Thousands of active WordPress plugins have been hit with a swathe of cross-site scripting (XSS) vulnerabilities that could give attackers complete control of sites. One of the affected plugins was designed to work with the popular WordPress ecommerce system WooCommerce.

Researchers at NinTechNet found a vulnerability in the WordPress Flexible Checkout Fields for WooCommerce plugin, which enhances the popular WordPress ecommerce system with the ability to configure custom checkout fields using a simple user interface.

The flaw, which the authors at WPDesk subsequently blogged about, enabled attackers to add two custom fields to the Billing and Shipping sections of a WooCommerce page. These inject a script that, once run, enables the creation of four new administrative accounts using predefined email addresses. An existing site admin would have to visit either the plugin configuration screen or the checkout page for these accounts to be set up.

At this point, the infected site would also download a zip file and store it in the site’s content upload section, extracting PHP pages from it and installing them in the plugin section as Woo-Add-To-Carts.

WordPress firewall and malware scanning company Wordfence rated this vulnerability as critical in its own blog post. It added that the exploit was possible due to an XSS flaw on the pages accessed by the site admin. It happened because the site didn’t check authentication for updateSettingsAction, a function that hooked into admin_init. This contains code that runs whenever an admin page is loaded, including those that don’t require authentication. Wordfence’s researchers said:

By crafting an array of expected settings, attackers can inject JavaScript payloads into the elements that render onscreen.

Wordfence discovered several other WordPress plugin vulnerabilities. The other bug severe enough to get a critical rating cropped up in 10Web Map Builder for Google Maps. It seems similar to the bug in Flexible Checkout Fields because it lets an attacker inject JavaScript into settings values that are then called during admin_init. Like the first bug, it runs on pages that don’t require authentication. It also runs for some front-of-site visitors, Wordfence added.

Two other bugs surfaced by Wordfence got a high severity rating. The first was in the Async JavaScript plugin, which speeds up page load times by blocking JavaScript that delays page rendering. A flaw in that software similar to the one in Flexible Checkout Fields failed to check the capabilities of a built-in function. It enabled attackers to inject malicious JavaScript that triggered when admins viewed certain areas of the dashboard, Wordfence said.

The final bug affected the Modern Events Calendar Lite plugin, which helps people manage events. This plugin uses several actions for logged-in users with low privileges that manipulate settings data.
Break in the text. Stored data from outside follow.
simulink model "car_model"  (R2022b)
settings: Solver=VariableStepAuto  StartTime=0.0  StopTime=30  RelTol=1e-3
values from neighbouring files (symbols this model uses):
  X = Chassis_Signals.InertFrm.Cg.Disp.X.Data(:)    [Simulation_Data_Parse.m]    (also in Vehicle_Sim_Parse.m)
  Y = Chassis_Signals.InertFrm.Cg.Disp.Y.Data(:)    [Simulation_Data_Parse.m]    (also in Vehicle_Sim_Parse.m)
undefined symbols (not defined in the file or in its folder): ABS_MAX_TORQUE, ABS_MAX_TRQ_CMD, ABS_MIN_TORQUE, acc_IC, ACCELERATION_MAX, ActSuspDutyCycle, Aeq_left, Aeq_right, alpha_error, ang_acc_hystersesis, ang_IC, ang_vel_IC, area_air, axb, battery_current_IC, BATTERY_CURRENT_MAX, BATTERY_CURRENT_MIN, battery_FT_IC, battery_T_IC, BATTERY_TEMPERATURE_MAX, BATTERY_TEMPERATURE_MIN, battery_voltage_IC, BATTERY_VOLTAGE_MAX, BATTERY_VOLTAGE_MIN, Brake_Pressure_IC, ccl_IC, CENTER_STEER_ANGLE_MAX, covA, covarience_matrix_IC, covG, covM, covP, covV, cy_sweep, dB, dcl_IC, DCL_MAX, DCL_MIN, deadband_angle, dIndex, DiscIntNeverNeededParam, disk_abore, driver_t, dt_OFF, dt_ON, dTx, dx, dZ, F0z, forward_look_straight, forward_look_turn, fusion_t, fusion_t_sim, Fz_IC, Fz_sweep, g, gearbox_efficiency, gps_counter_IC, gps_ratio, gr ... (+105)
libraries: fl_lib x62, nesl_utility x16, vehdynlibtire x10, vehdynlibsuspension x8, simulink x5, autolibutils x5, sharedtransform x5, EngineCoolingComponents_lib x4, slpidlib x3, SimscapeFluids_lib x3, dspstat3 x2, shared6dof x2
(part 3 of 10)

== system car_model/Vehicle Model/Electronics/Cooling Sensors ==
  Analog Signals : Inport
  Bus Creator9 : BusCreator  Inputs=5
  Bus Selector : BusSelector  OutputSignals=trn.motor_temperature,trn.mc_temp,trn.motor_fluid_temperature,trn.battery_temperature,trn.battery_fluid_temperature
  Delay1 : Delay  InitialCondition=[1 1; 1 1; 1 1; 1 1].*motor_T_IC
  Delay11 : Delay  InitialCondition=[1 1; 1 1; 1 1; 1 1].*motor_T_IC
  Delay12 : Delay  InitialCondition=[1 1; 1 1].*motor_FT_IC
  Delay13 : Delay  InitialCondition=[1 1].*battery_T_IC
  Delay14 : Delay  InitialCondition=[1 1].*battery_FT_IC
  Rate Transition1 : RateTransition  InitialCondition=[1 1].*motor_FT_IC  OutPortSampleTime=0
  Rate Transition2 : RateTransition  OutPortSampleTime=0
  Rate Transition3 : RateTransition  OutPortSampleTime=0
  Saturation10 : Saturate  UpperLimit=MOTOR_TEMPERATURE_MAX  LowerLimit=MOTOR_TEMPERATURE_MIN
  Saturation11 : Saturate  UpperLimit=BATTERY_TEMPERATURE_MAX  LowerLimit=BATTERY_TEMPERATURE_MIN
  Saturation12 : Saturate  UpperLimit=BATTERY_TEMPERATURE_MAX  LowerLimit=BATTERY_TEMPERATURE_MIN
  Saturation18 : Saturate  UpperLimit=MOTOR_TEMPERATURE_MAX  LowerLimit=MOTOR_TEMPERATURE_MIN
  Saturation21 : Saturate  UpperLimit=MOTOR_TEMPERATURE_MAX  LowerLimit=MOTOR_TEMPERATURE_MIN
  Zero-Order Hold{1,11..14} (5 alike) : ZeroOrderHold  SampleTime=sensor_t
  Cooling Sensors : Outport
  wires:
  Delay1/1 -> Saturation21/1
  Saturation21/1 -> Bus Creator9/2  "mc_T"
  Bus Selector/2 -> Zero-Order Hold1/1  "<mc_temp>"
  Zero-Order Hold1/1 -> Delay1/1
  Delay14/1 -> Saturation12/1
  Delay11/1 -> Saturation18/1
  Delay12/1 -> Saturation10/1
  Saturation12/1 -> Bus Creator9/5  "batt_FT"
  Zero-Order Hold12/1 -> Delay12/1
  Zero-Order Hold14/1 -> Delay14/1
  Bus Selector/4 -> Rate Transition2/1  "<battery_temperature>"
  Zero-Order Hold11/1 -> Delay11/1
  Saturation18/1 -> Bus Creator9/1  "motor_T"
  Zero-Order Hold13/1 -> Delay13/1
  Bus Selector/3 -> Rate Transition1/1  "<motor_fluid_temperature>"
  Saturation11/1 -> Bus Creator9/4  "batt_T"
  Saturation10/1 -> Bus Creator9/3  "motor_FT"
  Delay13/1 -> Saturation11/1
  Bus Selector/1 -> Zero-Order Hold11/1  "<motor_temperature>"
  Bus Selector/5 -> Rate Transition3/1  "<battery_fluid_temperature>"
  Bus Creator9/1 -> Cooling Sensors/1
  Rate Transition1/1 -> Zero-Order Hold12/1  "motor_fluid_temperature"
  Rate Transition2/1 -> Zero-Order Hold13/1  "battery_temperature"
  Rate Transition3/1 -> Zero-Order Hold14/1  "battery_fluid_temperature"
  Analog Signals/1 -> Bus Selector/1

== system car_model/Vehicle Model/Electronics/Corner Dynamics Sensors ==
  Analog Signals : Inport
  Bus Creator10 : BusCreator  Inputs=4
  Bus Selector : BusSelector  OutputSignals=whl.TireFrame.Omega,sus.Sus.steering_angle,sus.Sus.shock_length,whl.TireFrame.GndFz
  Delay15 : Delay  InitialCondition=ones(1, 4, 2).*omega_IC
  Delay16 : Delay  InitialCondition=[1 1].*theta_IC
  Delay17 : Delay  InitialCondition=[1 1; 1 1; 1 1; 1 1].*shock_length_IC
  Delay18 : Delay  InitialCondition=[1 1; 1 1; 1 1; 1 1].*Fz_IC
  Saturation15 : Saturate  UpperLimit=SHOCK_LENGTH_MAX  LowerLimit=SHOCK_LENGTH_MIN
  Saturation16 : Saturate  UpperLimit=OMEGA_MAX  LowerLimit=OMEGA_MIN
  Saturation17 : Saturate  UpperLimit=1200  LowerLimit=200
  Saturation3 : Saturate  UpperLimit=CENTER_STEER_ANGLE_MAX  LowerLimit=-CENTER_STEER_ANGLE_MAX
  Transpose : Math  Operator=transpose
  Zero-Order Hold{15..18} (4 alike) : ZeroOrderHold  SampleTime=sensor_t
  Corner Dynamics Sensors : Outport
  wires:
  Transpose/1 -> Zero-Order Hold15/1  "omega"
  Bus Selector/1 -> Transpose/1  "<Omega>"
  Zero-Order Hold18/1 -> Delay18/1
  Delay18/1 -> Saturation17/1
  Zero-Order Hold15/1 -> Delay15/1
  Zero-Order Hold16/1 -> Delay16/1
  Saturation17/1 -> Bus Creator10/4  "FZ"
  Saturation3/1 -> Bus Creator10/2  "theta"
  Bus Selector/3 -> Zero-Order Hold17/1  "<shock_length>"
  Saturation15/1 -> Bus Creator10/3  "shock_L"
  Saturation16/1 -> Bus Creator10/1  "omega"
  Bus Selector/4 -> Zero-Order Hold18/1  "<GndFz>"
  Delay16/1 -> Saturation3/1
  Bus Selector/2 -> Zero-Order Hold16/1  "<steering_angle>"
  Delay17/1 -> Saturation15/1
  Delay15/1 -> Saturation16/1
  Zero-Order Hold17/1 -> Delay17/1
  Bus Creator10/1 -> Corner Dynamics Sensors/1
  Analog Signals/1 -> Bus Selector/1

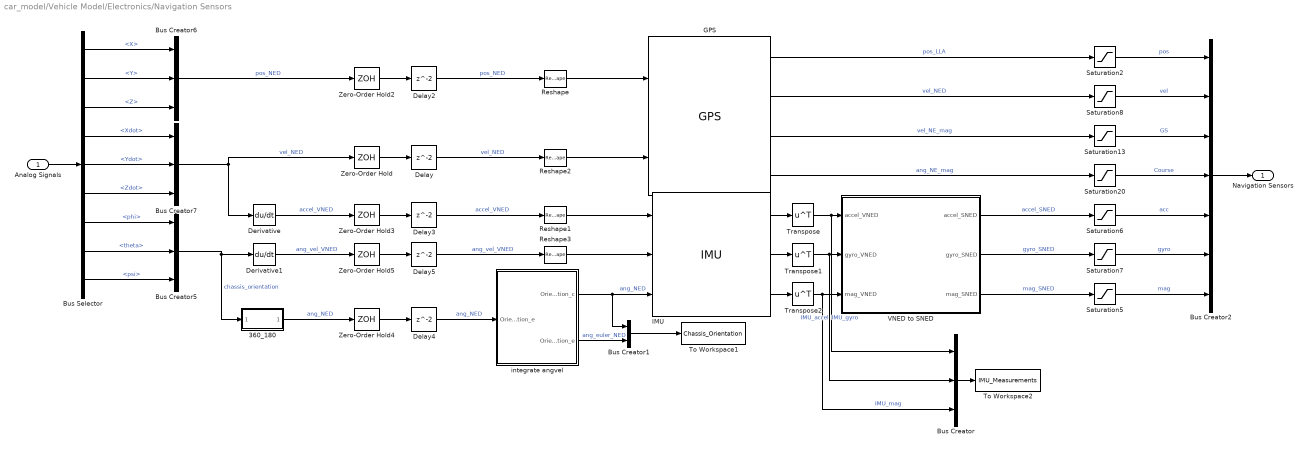
== system car_model/Vehicle Model/Electronics/Navigation Sensors ==
  Analog Signals : Inport
  360_180 : Subsystem
  Bus Creator : BusCreator  Inputs=IMU_accel,IMU_gyro,IMU_mag
  Bus Creator1 : BusCreator  Inputs=2
  Bus Creator2 : BusCreator  Inputs=7
  Bus Creator5 : BusCreator  Inputs=phi,theta,psi
  Bus Creator6 : BusCreator  Inputs=X,Y,Z
  Bus Creator7 : BusCreator  Inputs=Xdot,Ydot,Zdot
  Bus Selector : BusSelector  OutputSignals=veh.InertFrm.Cg.Disp.X,veh.InertFrm.Cg.Disp.Y,veh.InertFrm.Cg.Disp.Z,veh.InertFrm.Cg.Vel.Xdot,veh.InertFrm.Cg.Vel.Ydot,veh.InertFrm.Cg.Vel.Zdot,veh.InertFrm.Cg.Ang.phi,veh.InertFrm.Cg.Ang.theta,veh.InertFrm.Cg.Ang.psi
  Delay : Delay  InitialCondition=([1;1]*vel_IC)'
  Delay2 : Delay  InitialCondition=[1 1; 1 1; 1 1].*pos_IC
  Delay3 : Delay  InitialCondition=[1 1; 1 1; 1 1].*acc_IC
  Delay4 : Delay  InitialCondition=[1 1; 1 1; 1 1].*ang_IC
  Delay5 : Delay  InitialCondition=[1 1; 1 1; 1 1].*ang_vel_IC
  Derivative : Derivative
  Derivative1 : Derivative
  GPS : sensorgpslib/GPS  DispRefFrame=NED  PositionInputFormat=Local  ReferenceLocation=location_lla_IC  HorizontalPositionAccuracy=GPS_Z_ACCURACY  VerticalPositionAccuracy=GPS_XY_ACCURACY  VelocityAccuracy=GPS_V_ACCURACY  DecayFactor=GPS_NOISE_FACTOR  SeedDouble=r_GPS  SimulateUsing=Interpreted execution
      settings: LibrarySourceBlock=mspsensorlib/GPS
  IMU : mspsensorlib/IMU  DispRefFrame=NED  Temperature=25  MagneticFieldNED=mag_field_IC  MagneticFieldENU=[ -2.4169, 27.5550, 16.0849 ]  SeedDouble=r_IMU  SimulateUsing=Interpreted execution  AccelParamsMeasurementRange=ACC_MAX  AccelParamsResolution=ACC_RES  AccelParamsConstantBias=ACC_BIAS  AccelParamsAxesMisalignment=ACC_SKEW  AccelParamsNoiseDensity=ACC_VEL_WALK  AccelParamsBiasInstability=ACC_BIAS_INSTABILITY  AccelParamsRandomWalk=ACC_WALK  AccelParamsTemperatureBias=ACC_T_BIAS  AccelParamsTemperatureScaleFactor=ACC_T_SCALE  GyroParamsMeasurementRange=GYR_MAX  GyroParamsResolution=GYR_RES  GyroParamsConstantBias=GYR_BIAS  GyroParamsAxesMisalignment=GYR_SKEW  GyroParamsAccelerationBias=GYR_ACC_BIAS  GyroParamsNoiseDensity=GYR_ANG_WALK  GyroParamsBiasInstability=GYR_BIAS_INSTABILITY  GyroParamsRandomWalk=GYR_WALK  GyroParamsTemperatureBias=GYR_T_BIAS  GyroParamsTemperatureScaleFactor=GYR_T_SCALE  MagParamsMeasurementRange=MAG_MAX  MagParamsResolution=MAG_RES  MagParamsConstantBias=MAG_BIAS  MagParamsAxesMisalignment=MAG_SKEW  MagParamsNoiseDensity=MAG_WHITE  MagParamsBiasInstability=MAG_BIAS_INSTABILITY  MagParamsRandomWalk=MAG_WALK  MagParamsTemperatureBias=MAG_T_BIAS  MagParamsTemperatureScaleFactor=MAG_T_SCALE
  Reshape{,1..3} (4 alike) : Reshape  OutputDimensionality=Row vector (2-D)
  Saturation13 : Saturate  UpperLimit=VELOCITY_MAX  LowerLimit=-VELOCITY_MAX
  Saturation2 : Saturate  UpperLimit=inf  LowerLimit=-inf
  Saturation20 : Saturate  UpperLimit=ORIENTATION_MAX  LowerLimit=-ORIENTATION_MAX
  Saturation5 : Saturate  UpperLimit=MAG_MAX  LowerLimit=-MAG_MAX
  Saturation6 : Saturate  UpperLimit=ACCELERATION_MAX  LowerLimit=-ACCELERATION_MAX
  Saturation7 : Saturate  UpperLimit=YAW_MAX  LowerLimit=-YAW_MAX
  Saturation8 : Saturate  UpperLimit=VELOCITY_MAX  LowerLimit=-VELOCITY_MAX
  To Workspace1 : ToWorkspace  VariableName=Chassis_Orientation  SaveFormat=Timeseries  SampleTime=-1
  To Workspace2 : ToWorkspace  VariableName=IMU_Measurements  SaveFormat=Timeseries  SampleTime=-1
  Transpose : Math  Operator=transpose
  Transpose1 : Math  Operator=transpose
  Transpose2 : Math  Operator=transpose
  VNED to SNED : MATLAB Function  TreatAsAtomicUnit=on
  Zero-Order Hold{,2..5} (5 alike) : ZeroOrderHold  SampleTime=sensor_t
  integrate angvel : MATLAB Function  TreatAsAtomicUnit=on
  Navigation Sensors : Outport
  wires:
  Delay5/1 -> Reshape3/1  "ang_vel_VNED"
  Delay/1 -> Reshape2/1  "vel_NED"
  Delay3/1 -> Reshape1/1  "accel_VNED"
  Delay2/1 -> Reshape/1  "pos_NED"
  integrate angvel/1(Orientation_c) -> Bus Creator1/1, IMU/3  "ang_NED"
  GPS/4 -> Saturation20/1  "ang_NE_mag"
  GPS/3 -> Saturation13/1  "vel_NE_mag"
  GPS/2 -> Saturation8/1  "vel_NED"
  GPS/1 -> Saturation2/1  "pos_LLA"
  VNED to SNED/2(gyro_SNED) -> Saturation7/1  "gyro_SNED"
  VNED to SNED/1(accel_SNED) -> Saturation6/1  "accel_SNED"
  VNED to SNED/3(mag_SNED) -> Saturation5/1  "mag_SNED"
  Delay4/1 -> integrate angvel/1("Orientation_e ")  "ang_NED"
  Transpose2/1 -> Bus Creator/3, VNED to SNED/3(mag_VNED)  "IMU_mag"
  Transpose1/1 -> Bus Creator/2, VNED to SNED/2(gyro_VNED)  "IMU_gyro"
  Transpose/1 -> Bus Creator/1, VNED to SNED/1(accel_VNED)  "IMU_accel"
  IMU/3 -> Transpose2/1
  IMU/1 -> Transpose/1
  IMU/2 -> Transpose1/1
  Bus Creator/1 -> To Workspace2/1
  Bus Creator1/1 -> To Workspace1/1
  integrate angvel/2(Orientation_e) -> Bus Creator1/2  "ang_euler_NED"
  Zero-Order Hold/1 -> Delay/1
  Bus Creator7/1 -> Zero-Order Hold/1, Derivative/1  "vel_NED"
  Zero-Order Hold2/1 -> Delay2/1
  Bus Creator6/1 -> Zero-Order Hold2/1  "pos_NED"
  Zero-Order Hold3/1 -> Delay3/1
  Derivative/1 -> Zero-Order Hold3/1  "accel_VNED"
  Zero-Order Hold5/1 -> Delay5/1
  Derivative1/1 -> Zero-Order Hold5/1  "ang_vel_VNED"
  Zero-Order Hold4/1 -> Delay4/1
  360_180/1(psi_rev) -> Zero-Order Hold4/1  "ang_NED"
  Saturation2/1 -> Bus Creator2/1  "pos"
  Saturation13/1 -> Bus Creator2/3  "GS"
  Saturation6/1 -> Bus Creator2/5  "acc"
  Saturation20/1 -> Bus Creator2/4  "Course"
  Saturation5/1 -> Bus Creator2/7  "mag"
  Saturation8/1 -> Bus Creator2/2  "vel"
  Saturation7/1 -> Bus Creator2/6  "gyro"
  Bus Creator2/1 -> Navigation Sensors/1
  Bus Selector/1 -> Bus Creator6/1  "<X>"
  Bus Selector/8 -> Bus Creator5/2  "<theta>"
  Bus Selector/2 -> Bus Creator6/2  "<Y>"
  Bus Selector/6 -> Bus Creator7/3  "<Zdot>"
  Bus Selector/5 -> Bus Creator7/2  "<Ydot>"
  Bus Selector/4 -> Bus Creator7/1  "<Xdot>"
  Bus Selector/7 -> Bus Creator5/1  "<phi>"
  Bus Creator5/1 -> 360_180/1(<psi>), Derivative1/1  "chassis_orientation"
  Bus Selector/3 -> Bus Creator6/3  "<Z>"
  Bus Selector/9 -> Bus Creator5/3  "<psi>"
  Analog Signals/1 -> Bus Selector/1
  Reshape/1 -> GPS/1
  Reshape1/1 -> IMU/1
  Reshape2/1 -> GPS/2
  Reshape3/1 -> IMU/2

== system car_model/Vehicle Model/Electronics/Power Sensors ==
  Analog Signals : Inport
  Bus Creator8 : BusCreator  Inputs=5
  Bus Selector : BusSelector  OutputSignals=trn.battery_voltage,trn.battery_current,trn.motor_voltage,trn.motor_current,trn.power_limits
  Delay10 : Delay  InitialCondition=[dcl_IC; ccl_IC]*[1 1]
  Delay6 : Delay  InitialCondition=[1 1].*battery_voltage_IC
  Delay7 : Delay  InitialCondition=[1 1].*battery_current_IC
  Delay8 : Delay  InitialCondition=[1 1; 1 1; 1 1; 1 1].*motor_voltage_IC
  Delay9 : Delay  InitialCondition=ones(1, 4, 2).*motor_current_IC
  Saturation1 : Saturate  UpperLimit=BATTERY_CURRENT_MAX  LowerLimit=BATTERY_CURRENT_MIN
  Saturation14 : Saturate  UpperLimit=DCL_MAX  LowerLimit=DCL_MIN
  Saturation19 : Saturate  UpperLimit=BATTERY_VOLTAGE_MAX  LowerLimit=BATTERY_VOLTAGE_MIN
  Saturation4 : Saturate  UpperLimit=MOTOR_VOLTAGE_MAX  LowerLimit=MOTOR_VOLTAGE_MIN
  Saturation9 : Saturate  UpperLimit=MOTOR_CURRENT_MAX  LowerLimit=MOTOR_CURRENT_MIN
  Zero-Order Hold{6..10} (5 alike) : ZeroOrderHold  SampleTime=sensor_t
  Power Sensors : Outport
  wires:
  Zero-Order Hold6/1 -> Delay6/1
  Delay6/1 -> Saturation19/1
  Bus Selector/1 -> Zero-Order Hold6/1  "<battery_voltage>"
  Delay7/1 -> Saturation1/1
  Zero-Order Hold7/1 -> Delay7/1
  Bus Selector/2 -> Zero-Order Hold7/1  "<battery_current>"
  Delay8/1 -> Saturation4/1
  Zero-Order Hold8/1 -> Delay8/1
  Bus Selector/3 -> Zero-Order Hold8/1  "<motor_voltage>"
  Delay9/1 -> Saturation9/1
  Zero-Order Hold9/1 -> Delay9/1
  Bus Selector/4 -> Zero-Order Hold9/1  "<motor_current>"
  Zero-Order Hold10/1 -> Delay10/1
  Delay10/1 -> Saturation14/1
  Bus Selector/5 -> Zero-Order Hold10/1  "<power_limits>"
  Saturation19/1 -> Bus Creator8/1  "batt_V"
  Saturation1/1 -> Bus Creator8/2  "batt_I"
  Saturation9/1 -> Bus Creator8/4  "motor_I"
  Saturation4/1 -> Bus Creator8/3  "motor_V"
  Saturation14/1 -> Bus Creator8/5  "pwr_lmt"
  Bus Creator8/1 -> Power Sensors/1
  Analog Signals/1 -> Bus Selector/1

== system car_model/Vehicle Model/Powertrain/Battery Cooling Loop ==
  omega_m : Inport
  Battery_V : Inport  Port=2
  Battery_I : Inport  Port=3
  CL Battery Fans : Inport  Port=4
  CL Battery Pump : Inport  Port=5
  Vg : Inport  Port=6
  Battery Temperature : Outport
  Battery Fluid Temperature : Outport  Port=2

== system car_model/Vehicle Model/Powertrain/Drivetrain ==
  battery voltage : Inport
  throttle : Inport  Port=2
  motor speed : Inport  Port=3
  1-D Lookup Table : Lookup_n-D  NumberOfTableDimensions=1  LookupTableObject=''  BreakpointsForDimension1=speed_bp  BreakpointsForDimension1FirstPoint=10  BreakpointsForDimension2FirstPoint=10  BreakpointsForDimension1Spacing=12  BreakpointsForDimension2Spacing=12  BeginIndexSearchUsingPreviousIndexResult=on  Table=max_torque_table  ExtrapMethod=Clip  DiagnosticForOutOfRangeInput=Error  InternalRulePriority=Speed  RndMeth=Simplest
  1-D Lookup Table1 : Lookup_n-D  NumberOfTableDimensions=1  LookupTableObject=''  BreakpointsForDimension1=speed_bp  BreakpointsForDimension1FirstPoint=10  BreakpointsForDimension2FirstPoint=10  BreakpointsForDimension1Spacing=12  BreakpointsForDimension2Spacing=12  BeginIndexSearchUsingPreviousIndexResult=on  Table=max_current_table  ExtrapMethod=Clip  DiagnosticForOutOfRangeInput=Error  InternalRulePriority=Speed  RndMeth=Simplest
  Gain : Gain  Gain=MOTOR_ENABLE
  Gain1 : Gain  Gain=gr.*gearbox_efficiency
  Gain2 : Gain  Gain=MOTOR_ENABLE
  Mean : dspstat3/Mean  run=off  InputProcessing=Columns as channels (frame based)  reset_popup=None  directionMode=Entire input  dimension=1  roiEnable=off  roiType=Rectangles  roiPortion=Entire ROI  roiOutput=Individual statistics for each ROI  roiFlag=off  roundingMode=Floor  overflowMode=off  outputDataTypeStr=Inherit: Same as accumulator  outputMin=[]  outputMax=[]  outputLastDataTypeStr=Inherit: Same as accumulator
  Product : Product
  Product1 : Product
  Sum : Sum  Inputs=+
  Terminator : Terminator
  battery current : Outport
  wheel torque : Outport  Port=2
  motor torque : Outport  Port=3
  wires:
  1-D Lookup Table/1 -> Gain/1
  motor speed/1 -> 1-D Lookup Table1/1, Mean/1
  Product/1 -> motor torque/1, Gain1/1
  throttle/1 -> Product/1, Product1/1
  Gain/1 -> Product/2
  Gain1/1 -> wheel torque/1
  Sum/1 -> battery current/1
  battery voltage/1 -> Terminator/1
  Mean/1 -> 1-D Lookup Table/1
  1-D Lookup Table1/1 -> Gain2/1
  Gain2/1 -> Product1/2
  Product1/1 -> Sum/1

Attackers have been injecting XSS code to target admin pages and create rogue accounts for themselves, Wordfence said. It was also possible to hit the front page of an affected site to affect visitors, it added.

These flaws have all been patched, but all affected heavily used plugins. Flexible Checkout Fields for WooCommerce and 10Web Map Builder each have over 20,000 active users, while Modern Events Calendar Lite has over 40,000 and Async JavaScript has over 100,000. In some cases, users reported hacked sites.

Anyone using these plugins should patch immediately using the blogging software’s built-in update system or by visiting the plugins’ download pages.